6 Signs You May Be Dating A Psycho
If your newest fling’s behavior is starting to give you a serious case of the heebie-jeebies and you wonder where the glowing personality went that you met on the first date, you may have hitched up with a psycho.
From bunny-boiling to phone-tapping, incessant emails to branding-style scratched initials in your back, there’s a lot to be afraid of. Herewith, six signs your honey is half-baked.
There’s a difference between an eager beaver and a psychotic partner.
An eager beaver calls you once and leaves all their phone numbers and email addresses so you can find them when you get the urge to reach out. A wacko calls all of your numbers and sends messages to all of your email addresses — all day and every day. And the more time that passes between live interaction with a psycho, the more nutsy the notes and messages become. “Hey, it’s me” morphs into “I’ve called 12 times…where are you?” and finally, “Pick up the phone or I swear I’m gonna boil the bunny.”
Liar, Liar, Pants on Fire
The fibs seem harmless at first; they may even be confused or couched as miscommunications. But psycho partners lie incessantly in an attempt to control you. So what starts as lies about small things, like liver also being his favorite food (so that it looks like you two are so similar you must be soul mates) escalates into elaborate fabrications about him needing your emotional support because he’s just discovered that he has an identical twin brother whose cancerous liver will self-implode without a transfusion of your lover’s genetically matched blood.
Beware the contradictions, the overabundance of justifying details, the well-timed dramas.
Don’t be fooled by the cliche image of a trenchcoat-clad dude running from telephone pole to telephone pole as he follows his victim home from the bar.
Stalking girlfriends and boyfriends come in all shapes and sizes (and outfits). And their techniques are many: from blatantly setting up tent and bonfire on your front stoop to see what time you get home, to “coincidentally” planting themselves in public places they know you’ll frequent — your neighborhood porn shop, your synchronized swimming class, the recycling room in the basement of your building. Don’t discount the idea of your phone being tapped if it seems your lover knows secrets you’ve shared only with friends over the phone.
If you’re starting to get that creepy “being watched” feeling and have actually found yourself wondering how the witness protection program works, you’ve probably made allies with a lunatic.
Scarred Out Of Your Wits?
Some guys like it when a girl draws blood from his back with her French manicured nails. And some girls, when doing the doggy, like to be spanked till their buttocks burn pink. But if the recipient of said “passionate” punishment isn’t the one getting off, this kind of thing falls under the category of branding. As in, “This is my man and I’ve created a hickey self-portrait on his neck to show you that he’s taken.”
Mine, Mine, Mine!
We’ve all felt moments of jealousy in our lives. And that’s probably a good thing — a little bit of envy keeps us on our toes.
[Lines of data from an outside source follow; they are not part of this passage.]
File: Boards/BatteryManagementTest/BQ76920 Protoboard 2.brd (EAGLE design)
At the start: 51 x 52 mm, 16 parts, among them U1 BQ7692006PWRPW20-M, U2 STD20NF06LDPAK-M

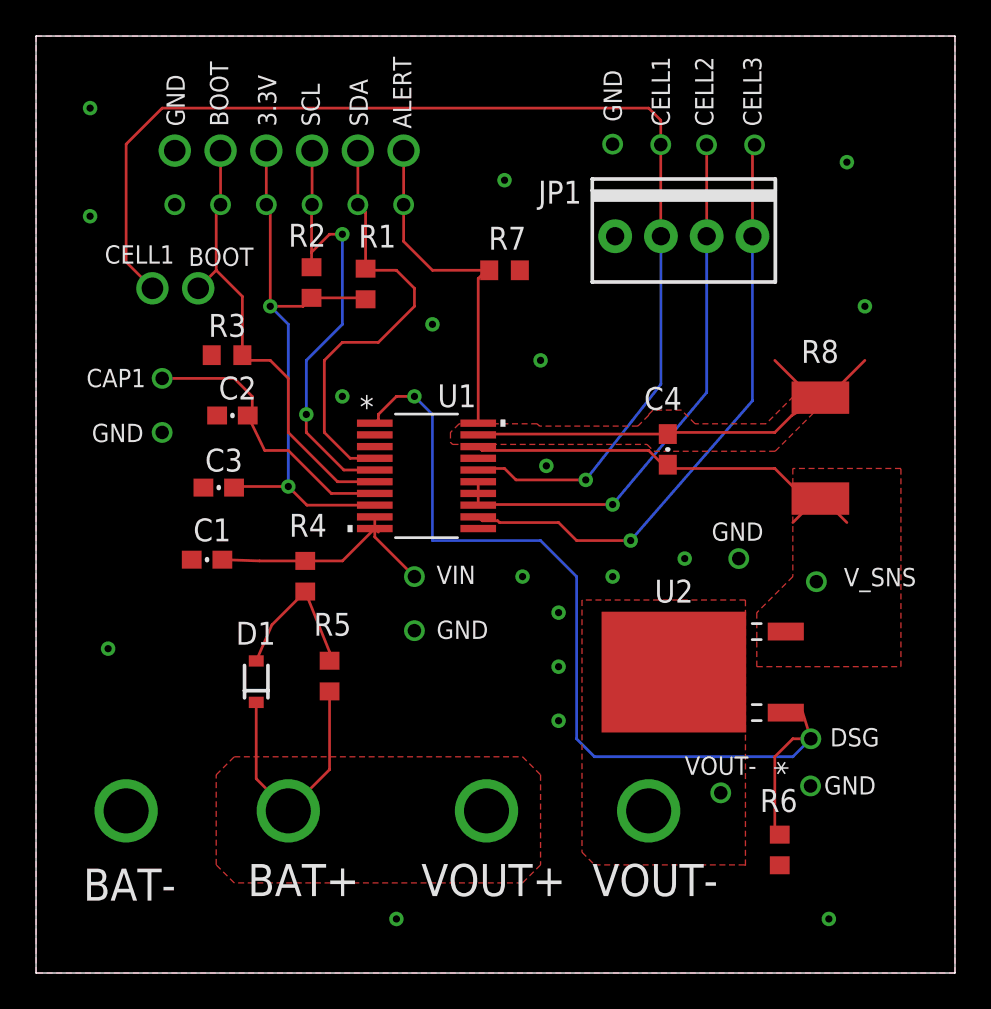
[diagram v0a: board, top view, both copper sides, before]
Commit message: added final rev2 protoboard for BQ76920
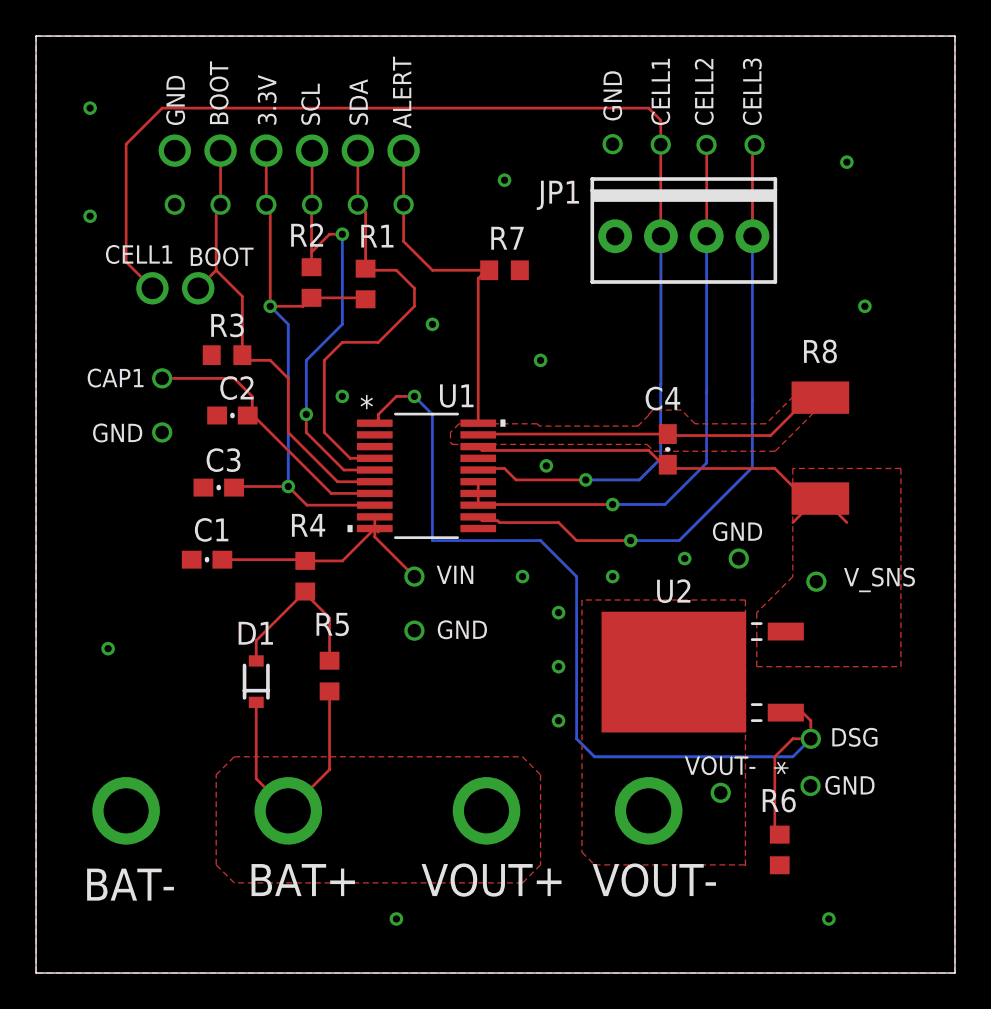
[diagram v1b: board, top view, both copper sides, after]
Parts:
- R8: value (none) -> 50m
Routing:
- net GND: track 26.4 -> 19.9 mm
- net BCELL1: track 67.1 -> 69.1 mm
- net BCELL2: track 30.6 -> 32.6 mm
- net BCELL3: track 33.5 -> 35.4 mm
- net CAP1: track 15.8 -> 15.3 mm
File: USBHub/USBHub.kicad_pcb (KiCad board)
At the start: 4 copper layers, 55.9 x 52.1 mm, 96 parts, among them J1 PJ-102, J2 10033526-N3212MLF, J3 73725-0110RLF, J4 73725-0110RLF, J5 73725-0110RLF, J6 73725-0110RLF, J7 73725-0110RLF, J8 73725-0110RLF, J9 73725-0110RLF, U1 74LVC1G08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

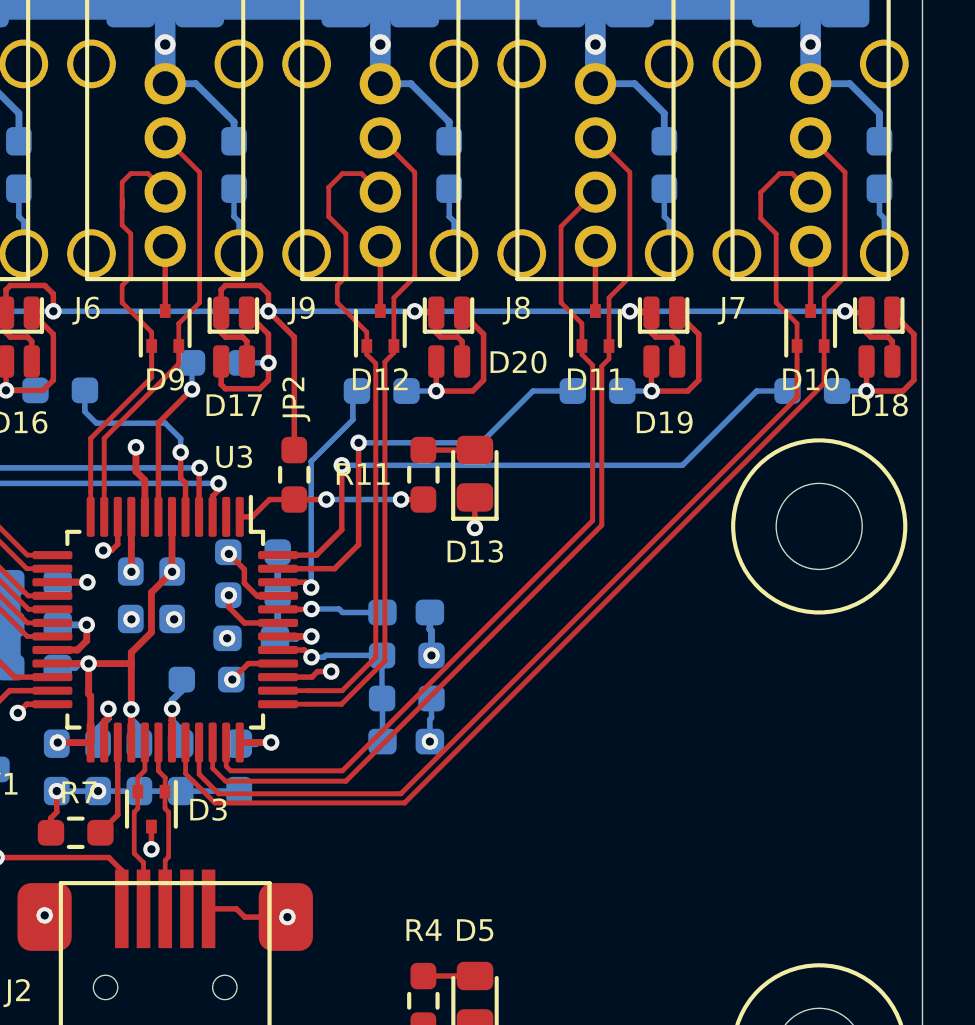
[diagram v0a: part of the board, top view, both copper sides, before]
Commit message: Update to USB hub.
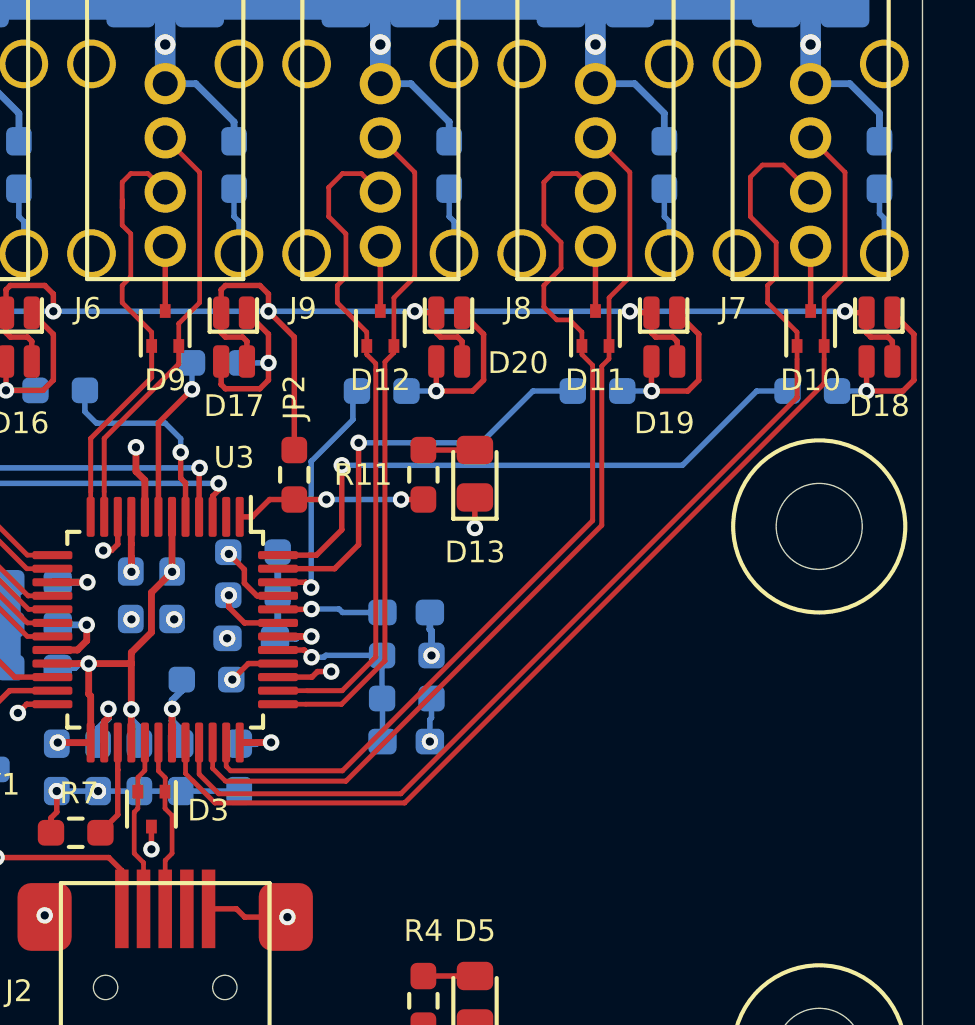
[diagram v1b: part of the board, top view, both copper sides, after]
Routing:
- net /U6D+: track 31.4 -> 34.6 mm
- net /U5D+: track 40.2 -> 41.6 mm
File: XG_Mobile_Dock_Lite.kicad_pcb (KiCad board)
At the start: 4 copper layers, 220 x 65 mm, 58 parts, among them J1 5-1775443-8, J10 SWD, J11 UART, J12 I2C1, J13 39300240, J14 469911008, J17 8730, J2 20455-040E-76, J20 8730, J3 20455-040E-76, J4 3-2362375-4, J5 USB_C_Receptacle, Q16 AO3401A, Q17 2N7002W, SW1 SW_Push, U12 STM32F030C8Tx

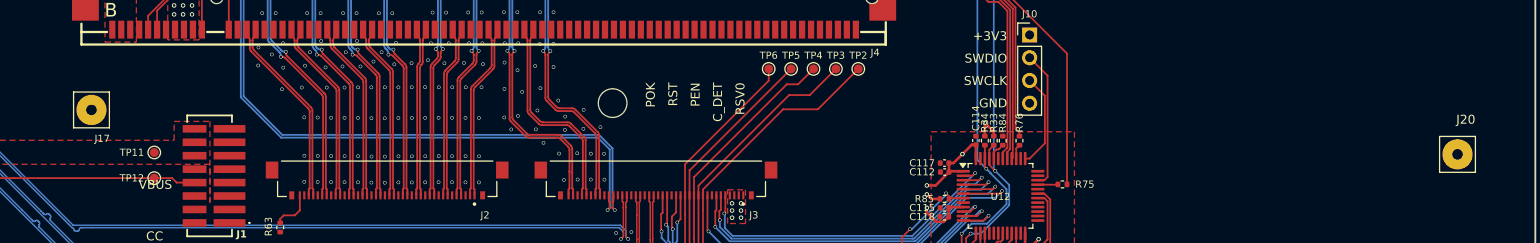
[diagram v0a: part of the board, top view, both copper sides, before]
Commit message: added better ground screw
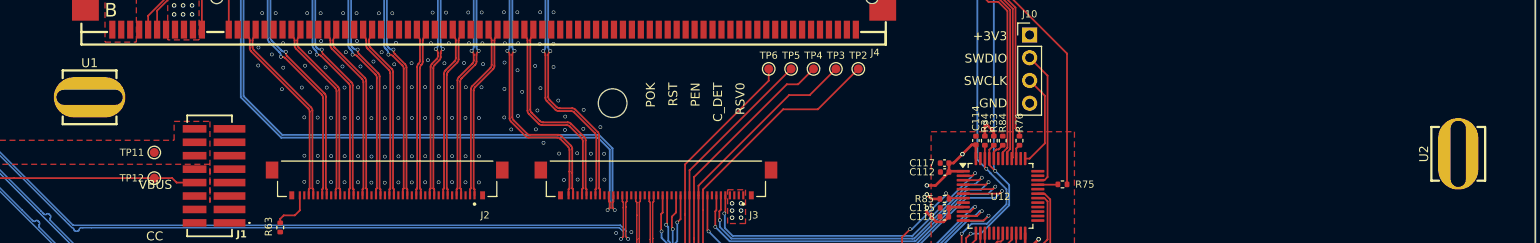
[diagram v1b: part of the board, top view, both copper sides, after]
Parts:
- removed J17, J20: 8730, KEYSTONE_8730:KEYSTONE_8730
- added U1: ~, CONN-SMD_T31000:CONN-SMD_T31000, F.Cu at (75.4, 71.3)
- added U2: ~, CONN-SMD_T31000:CONN-SMD_T31000, F.Cu at (228.2, 77.6)

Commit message: fixed more issues
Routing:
- net GND: vias 162 -> 165
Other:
- board text added: "XG Mobile Dock Lite v0.7"
- board text removed: "XG Mobile Dock Lite v0.6"
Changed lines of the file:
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@@
 		)
 	)
-	(gr_text "XG Mobile Dock Lite v0.6"
+	(gr_text "XG Mobile Dock Lite v0.7"
 		(at 75.621496 55.121496 0)
 		(layer "F.SilkS")
@@
 	)
 	(via
-		(at 135.5 89)
+		(at 135.65 87.96)
 		(size 0.4)
 		(drill 0.3)
@@
 	)
 	(via
+		(at 137.45 87.83)
+		(size 0.4)
+		(drill 0.3)
+		(layers "F.Cu" "B.Cu")
+		(free yes)
+		(net 1)
+	)
+	(via
 		(at 115.01 67.48)
 		(size 0.4)
@@
 	(via
 		(at 128.49 73.43)
+		(size 0.4)
+		(drill 0.3)
+		(layers "F.Cu" "B.Cu")
+		(free yes)
+		(net 1)
+	)
+	(via
+		(at 132.89 84.54)
 		(size 0.4)
 		(drill 0.3)
@@
 	)
 	(via
-		(at 135.88 86.32)
+		(at 135.86 86.37)
 		(size 0.4)
 		(drill 0.3)
@@
 		(size 0.4)
 		(drill 0.3)
+		(layers "F.Cu" "B.Cu")
+		(free yes)
+		(net 1)
+	)
+	(via
+		(at 134.29 84.57)
+		(size 0.4)
+		(drill 0.3)

But there’s jealousy, and then there’s jealousy of the paranoid variety. Imagine this: you can’t look at anyone of the opposite sex, let alone talk to them, without your partner freaking out. And that’s just with strangers (read: I know you’re cheating on me with your doorman because you always say “hello”). Classic psycho jealousy behavior also pertains to, god forbid, ex-girlfriends and ex-boyfriends — even pals and family members.
In other words, to a psycho, everyone is a threat.
Pay attention to ME
A psycho needs constant attention, and if that need isn’t met, all hell breaks loose.
Does your girlfriend fall to the ground in a pretend faint so that you have to stay home and take care of her rather than hit the pub with your friends on a BNO? Does your boyfriend hold your hand or perform other PDAs only when other males are around? You see, it’s all about control and having power over you and the relationship. Psychos want to know everything (snooping is classic behavior and these dating duds seem to have eyes on the backs of their heads), and many may assume that you’re in a committed relationship just because you made it through a first date.
Of course we jest. In real life, stalking, obsessive phone calling and other possessive behavior is not cool. And not at all funny. If you suspect you are being stalked or are otherwise being harassed by a former or current partner, don’t hesitate to call or visit your local police.
And if you are facing an emergency, dial 911.